Magpies also grieve the loss of other magpies; see also. I recently received this story via email in response to the essays about my observations of magpie grief. "I have a farm in Bolton, UK and we were overrun with Magpies. The reaction from the magpies [to the corpse of another magpie] in the vicinity was akin to a scene from the film 'The Birds', as they surrounded the lifeless bird and tried to reawaken it with their beaks. When they reached the conclusion that it was indeed dead, there was an outpouring of loud cackling noises which reached quite a crescendo (there were around 20 of them); this was echoed by a similar sympathetic chorus from a nearby wood and within a minute, from all surrounding areas giving the impression that hundreds of magpies were being told of the death and simultaneously expressing their grief. It was quite unnerving and I remained within the safe confines of a barn until all was over."
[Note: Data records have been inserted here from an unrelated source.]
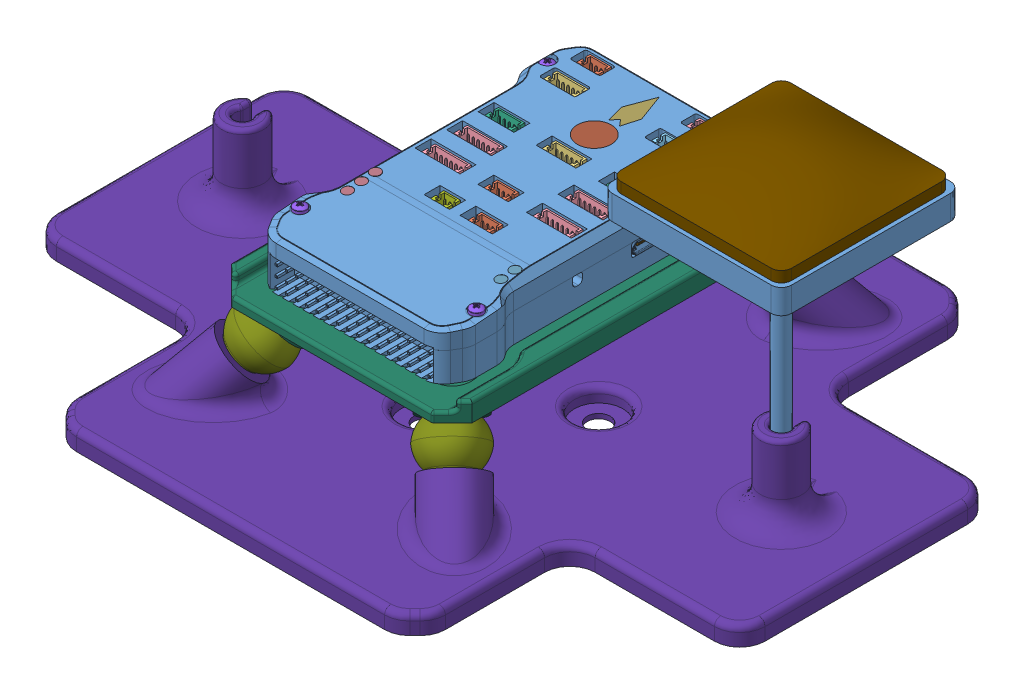
SolidWorks assembly S1000_Pixhawk, configuration Default. Lengths in mm.
Overall size (179 88.11 141.22).
35 component instances, 19 part files, 23 mates.
Components (placement in the parent):
- Pixhawk-1: Pixhawk [Défaut] at (-0.2703 0 -1.2478) x (-1 0 0) z (0 1 0) size (49.31 81.3 15.24)
  - Pixhawk APM-1: Pixhawk APM [Défaut] at (-24.9203 -39.4022 0) size (49.31 81.3 15.03)
  - DF13-3P-1.25DSA-1: DF13-3P-1.25DSA [Défaut] at (0.001 -60.127 12.2305) x (0 -1 0) z (-1 0 0) size (3.4 6.6 5.4)
  - DF13-5P-1.25DSA-1: DF13-5P-1.25DSA [Défaut] at (0.5502 -52.3839 12.2305) x (0 -1 0) z (-1 0 0) size (3.4 6.6 7.9)
  - DF13-6P-1.25DSA-1: DF13-6P-1.25DSA [Défaut] at (-27.5951 -60.0382 12.2305) x (0 -1 0) z (-1 0 0) size (3.4 6.6 9.15)
  - DF13-7P-1.25DSA-1: DF13-7P-1.25DSA [Défaut] at (-26.4213 -52.538 12.2305) x (0 -1 0) z (-1 0 0) size (3.4 6.6 10.4)
  - DF13-4P-1.25DSA-1: DF13-4P-1.25DSA [Défaut] at (-0.0265 -37.0823 12.2305) x (0 -1 0) z (-1 0 0) size (3.4 6.6 6.65)
  - DF13-4P-1.25DSA-2: DF13-4P-1.25DSA [Défaut] at (-30.3382 -37.0823 12.2305) x (0 -1 0) z (-1 0 0) size (3.4 6.6 6.65)
  - DF13-5P-1.25DSA-2: DF13-5P-1.25DSA [Défaut] at (-14.4216 -37.0823 12.2305) x (0 -1 0) z (-1 0 0) size (3.4 6.6 7.9)
  - DF13-6P-1.25DSA-2: DF13-6P-1.25DSA [Défaut] at (-0.012 -29.2904 12.2305) x (0 -1 0) z (-1 0 0) size (3.4 6.6 9.15)
  - DF13-6P-1.25DSA-3: DF13-6P-1.25DSA [Défaut] at (-0.012 -21.2194 12.2305) x (0 -1 0) z (-1 0 0) size (3.4 6.6 9.15)
  - DF13-6P-1.25DSA-4: DF13-6P-1.25DSA [Défaut] at (-27.948 -29.2904 12.2305) x (0 -1 0) z (-1 0 0) size (3.4 6.6 9.15)
  - DF13-6P-1.25DSA-5: DF13-6P-1.25DSA [Défaut] at (-27.948 -21.2194 12.2305) x (0 -1 0) z (-1 0 0) size (3.4 6.6 9.15)
  - DF13-3P-1.25DSA-2: DF13-3P-1.25DSA [Défaut] at (-15.6441 -21.2194 12.2305) x (0 -1 0) z (-1 0 0) size (3.4 6.6 5.4)
  - DF13-2P-1.25DSA-1: DF13-2P-1.25DSA [Défaut] at (-11.2684 -12.1811 12.2305) x (0 -1 0) z (-1 0 0) size (3.4 6.6 4.15)
  - DF13-3P-1.25DSA-3: DF13-3P-1.25DSA [Défaut] at (-20.7011 -12.1811 12.2305) x (0 -1 0) z (-1 0 0) size (3.4 6.6 5.4)
  - pan head cross recess screw_iso-1: pan head cross recess screw_iso [ISO 7045 - M1.6 x 3 - Z --- 3N] at (21.8797 32.2978 14.8) x (0 0 -1) z (1 0 0) size (4.27 3.2 3.2)
  - pan head cross recess screw_iso-2: pan head cross recess screw_iso [ISO 7045 - M1.6 x 3 - Z --- 3N] at (-22.4203 32.2978 14.8) x (0 0 -1) z (1 0 0) size (4.27 3.2 3.2)
  - pan head cross recess screw_iso-3: pan head cross recess screw_iso [ISO 7045 - M1.6 x 3 - Z --- 3N] at (21.8797 -29.8022 14.8) x (0 0 -1) z (1 0 0) size (4.27 3.2 3.2)
  - pan head cross recess screw_iso-4: pan head cross recess screw_iso [ISO 7045 - M1.6 x 3 - Z --- 3N] at (-22.4203 -29.8022 14.8) x (0 0 -1) z (1 0 0) size (4.27 3.2 3.2)
  - micro USB-2: micro USB [Défaut] at (-38.5288 4.0262 13.8589) x (0 1 0) z (-1 0 0) size (7.99 2.94 5.43)
    - micro usb02-1: micro usb02 [Défaut] at (-14.4796 6.4719 -20.7085) size (6.9 2.16 4.2)
    - micro USB-1: micro USB [Défaut] at (-14.4796 6.4719 -16.0085) size (7.99 2.94 5.43)
  - pièce10^Pixhawk-1: pièce10^Pixhawk [Défaut] at (-24.9203 -39.4022 14.5) size (8.5 8.5 0.5) (virtual)
  - pièce11^Pixhawk-1: pièce11^Pixhawk [Défaut] at (-24.9203 -39.4022 14.5) size (5.12 11.31 0.5) (virtual)
  - Pièce12^Pixhawk-1: Pièce12^Pixhawk [Défaut] at (-24.9203 -37.8072 19.1403) x (1 0 0) z (0 0.083045 0.996546) size (2.5 9.53 0.5) (virtual)
  - Pièce13^Pixhawk-1: Pièce13^Pixhawk [Défaut] at (-24.9203 -37.8072 19.1403) x (1 0 0) z (0 0.083045 0.996546) size (2.5 6.02 0.5) (virtual)
- Omni-Mount Top^S1000_Pixhawk-1: Omni-Mount Top^S1000_Pixhawk [Default] at (-23.809 -2.3813 -43.0091) x (-1 0 0) z (0 1 0) size (61.17 93.17 14.35) (virtual)
- Zenumuse Dampening Ball-1: Zenumuse Dampening Ball [Default] at (23.4392 -10.7929 38.4617) x (0.853553 0.5 -0.146447) z (-0.146447 0.5 0.853553) size (14.75 16 14.75)
- Zenumuse Dampening Ball-2: Zenumuse Dampening Ball [Default] at (23.4392 -10.7929 -40.9573) x (0.755922 0.638071 -0.146447) z (0.422589 -0.304738 0.853553) size (14.75 16 14.75)
- Zenumuse Dampening Ball-3: Zenumuse Dampening Ball [Default] at (-23.9798 -10.7929 38.4617) x (0.853553 -0.304738 0.422589) z (-0.146447 0.638071 0.755922) size (14.75 16 14.75)
- Zenumuse Dampening Ball-4: Zenumuse Dampening Ball [Default] at (-23.9798 -10.7929 -40.9573) x (0.853553 -0.5 -0.146447) z (-0.146447 -0.5 0.853553) size (14.75 16 14.75)
- Omni-Mount Bottom^S1000_Pixhawk-2: Omni-Mount Bottom^S1000_Pixhawk [Default] at (0 -33.0004 0) x (1 0 0) z (0 1 0) size (177.8 141.22 23.81) (virtual)
- 3DR_GPS-1: 3DR_GPS [Default] at (67.7462 42.7113 0.1588) size (42.74 17.78 42.74)
- 3DR_GPS_Mast-1: 3DR_GPS_Mast [Default] at (67.5875 -22.8588 0) size (45.02 70.51 45.02)
Mates (geometry in assembly coordinates):
- Coincident1: coincident anti-aligned: plane of Pixhawk-1/Pixhawk APM-1 through (24.65 0 -40.65) normal (0 -1 0); plane of assembly through (0 0 0) normal (0 1 0)
- Coincident2: coincident anti-aligned: plane of Pixhawk-1/Pixhawk APM-1; plane of assembly through (0 0 0) normal (1 0 0)
- Coincident3: coincident anti-aligned: plane of Pixhawk-1/Pixhawk APM-1 through (24.65 0 0) normal (0 0 -1); plane of assembly through (0 0 0) normal (0 0 1)
- Coincident7: coincident anti-aligned: plane of Pixhawk-1/Pixhawk APM-1 through (24.65 0 -40.65) normal (0 -1 0); plane of Omni-Mount Top^S1000_Pixhawk-1 through (-23.809 0 -43.0091) normal (0 1 0)
- Coincident10: coincident anti-aligned: plane of Zenumuse Dampening Ball-1 through (25.2176 -3.0311 34.2201) normal (0.5 -0.707107 0.5); plane of Omni-Mount Top^S1000_Pixhawk-1 through (20.0792 -6.0411 35.1017) normal (-0.5 0.707107 -0.5)
- Concentric1: concentric aligned: cylinder of Omni-Mount Top^S1000_Pixhawk-1 through (-353533.0476 499993.586 -353518.0252) axis (0.5 -0.707107 0.5) radius 6.985; cylinder of Zenumuse Dampening Ball-1 through (27.4392 -16.4497 42.4617) axis (0.5 -0.707107 0.5) radius 6.02
- Coincident12: coincident aligned: plane of Pixhawk-1; plane of Omni-Mount Top^S1000_Pixhawk-1
- Coincident17: coincident aligned: plane of Pixhawk-1; plane of Omni-Mount Top^S1000_Pixhawk-1
- Coincident18: coincident anti-aligned: plane of Omni-Mount Top^S1000_Pixhawk-1 through (-20.6198 -6.0411 -37.5973) normal (0.5 0.707107 0.5); plane of Zenumuse Dampening Ball-4 through (-15.4814 -9.0511 -38.4789) normal (-0.5 -0.707107 -0.5)
- Concentric2: concentric aligned: cylinder of Omni-Mount Top^S1000_Pixhawk-1 through (15.6361 45.2324 -1.3415) axis (-0.5 -0.707107 -0.5) radius 6.02; circle of Zenumuse Dampening Ball-4
- Concentric3: concentric aligned: cylinder of Omni-Mount Top^S1000_Pixhawk-1 through (15.6361 45.2324 -1.1542) axis (-0.5 -0.707107 0.5) radius 6.02; cylinder of Zenumuse Dampening Ball-3 through (-27.9798 -16.4497 42.4617) axis (-0.5 -0.707107 0.5) radius 6.02
- Coincident20: coincident anti-aligned: plane of Omni-Mount Top^S1000_Pixhawk-1 through (-20.6198 -6.0411 35.1017) normal (0.5 0.707107 -0.5); plane of Zenumuse Dampening Ball-3 through (-15.4814 -7.8756 37.6457) normal (-0.5 -0.707107 0.5)
- Concentric4: concentric aligned: cylinder of Omni-Mount Top^S1000_Pixhawk-1 through (-16.1766 45.2324 -1.3415) axis (0.5 -0.707107 -0.5) radius 6.02; cylinder of Zenumuse Dampening Ball-2 through (27.4392 -16.4497 -44.9573) axis (0.5 -0.707107 -0.5) radius 6.02
- Coincident21: coincident anti-aligned: plane of Omni-Mount Top^S1000_Pixhawk-1 through (20.0792 -6.0411 -37.5973) normal (-0.5 0.707107 0.5); plane of Zenumuse Dampening Ball-2 through (24.6299 -2.1999 -38.4789) normal (0.5 -0.707107 -0.5)
- Coincident26: coincident aligned: plane of Omni-Mount Bottom^S1000_Pixhawk-2; plane of assembly through (0 0 0) normal (1 0 0)
- Concentric6: concentric anti-aligned: cylinder of Zenumuse Dampening Ball-3 through (-27.9798 -16.4497 42.4617) axis (-0.5 -0.707107 0.5) radius 6.02; cylinder of Omni-Mount Bottom^S1000_Pixhawk-2 through (-44.4787 -39.7827 58.9606) axis (0.5 0.707107 -0.5) radius 6.02
- Coincident27: coincident anti-aligned: plane of Omni-Mount Bottom^S1000_Pixhawk-2 through (0 -33.0004 0) normal (0 0 -1); plane of assembly through (0 0 0) normal (0 0 1)
- Coincident28: coincident anti-aligned: plane of 3DR_GPS-1 through (67.7462 42.7113 0.1588) normal (0 -1 0); plane of 3DR_GPS_Mast-1 through (67.5875 42.7113 0) normal (0 1 0)
- Coincident29: coincident anti-aligned: plane of 3DR_GPS-1 through (46.3785 50.3313 21.5265) normal (-1 0 0); plane of 3DR_GPS_Mast-1 through (46.3785 47.6516 0) normal (1 0 0)
- Coincident30: coincident anti-aligned: plane of 3DR_GPS-1 through (46.3785 50.3313 -21.209) normal (0 0 -1); plane of 3DR_GPS_Mast-1 through (67.5875 47.6516 -21.209) normal (0 0 1)
- Concentric8: concentric aligned: cylinder of Omni-Mount Bottom^S1000_Pixhawk-2 through (67.5875 -3.8088 0) axis (0 -1 0) radius 2.05; cylinder of 3DR_GPS_Mast-1 through (67.5875 40.0316 0) axis (0 -1 0) radius 1.9939
- Coincident31: coincident anti-aligned: plane of Omni-Mount Bottom^S1000_Pixhawk-2 through (0 -22.8588 0) normal (0 1 0); plane of 3DR_GPS_Mast-1 through (67.5875 -22.8588 0) normal (0 -1 0)
- Parallel1: parallel anti-aligned: plane of Omni-Mount Top^S1000_Pixhawk-1 through (29.9347 2.3813 -43.0091) normal (1 0 0); plane of 3DR_GPS_Mast-1 through (45.0767 47.6516 0) normal (-1 0 0)

Why do animals grieve and why do we see grief in different species of animals? It's been suggested that grief reactions may allow for the reshuffling of status relationships or the filling the reproductive vacancy left by the deceased, or for fostering continuity of the group. Some theorize that perhaps mourning strengthens social bonds among the survivors who band together to pay their last respects. This may enhance group cohesion at a time when it's likely to be weakened.
Grief itself is something of a mystery, for there doesn't seem to be any obvious adaptive value to it in an evolutionary sense. It does not appear to increase an individual's reproductive success. Whatever its value is, grief is the price of commitment, that wellspring of both happiness and sorrow.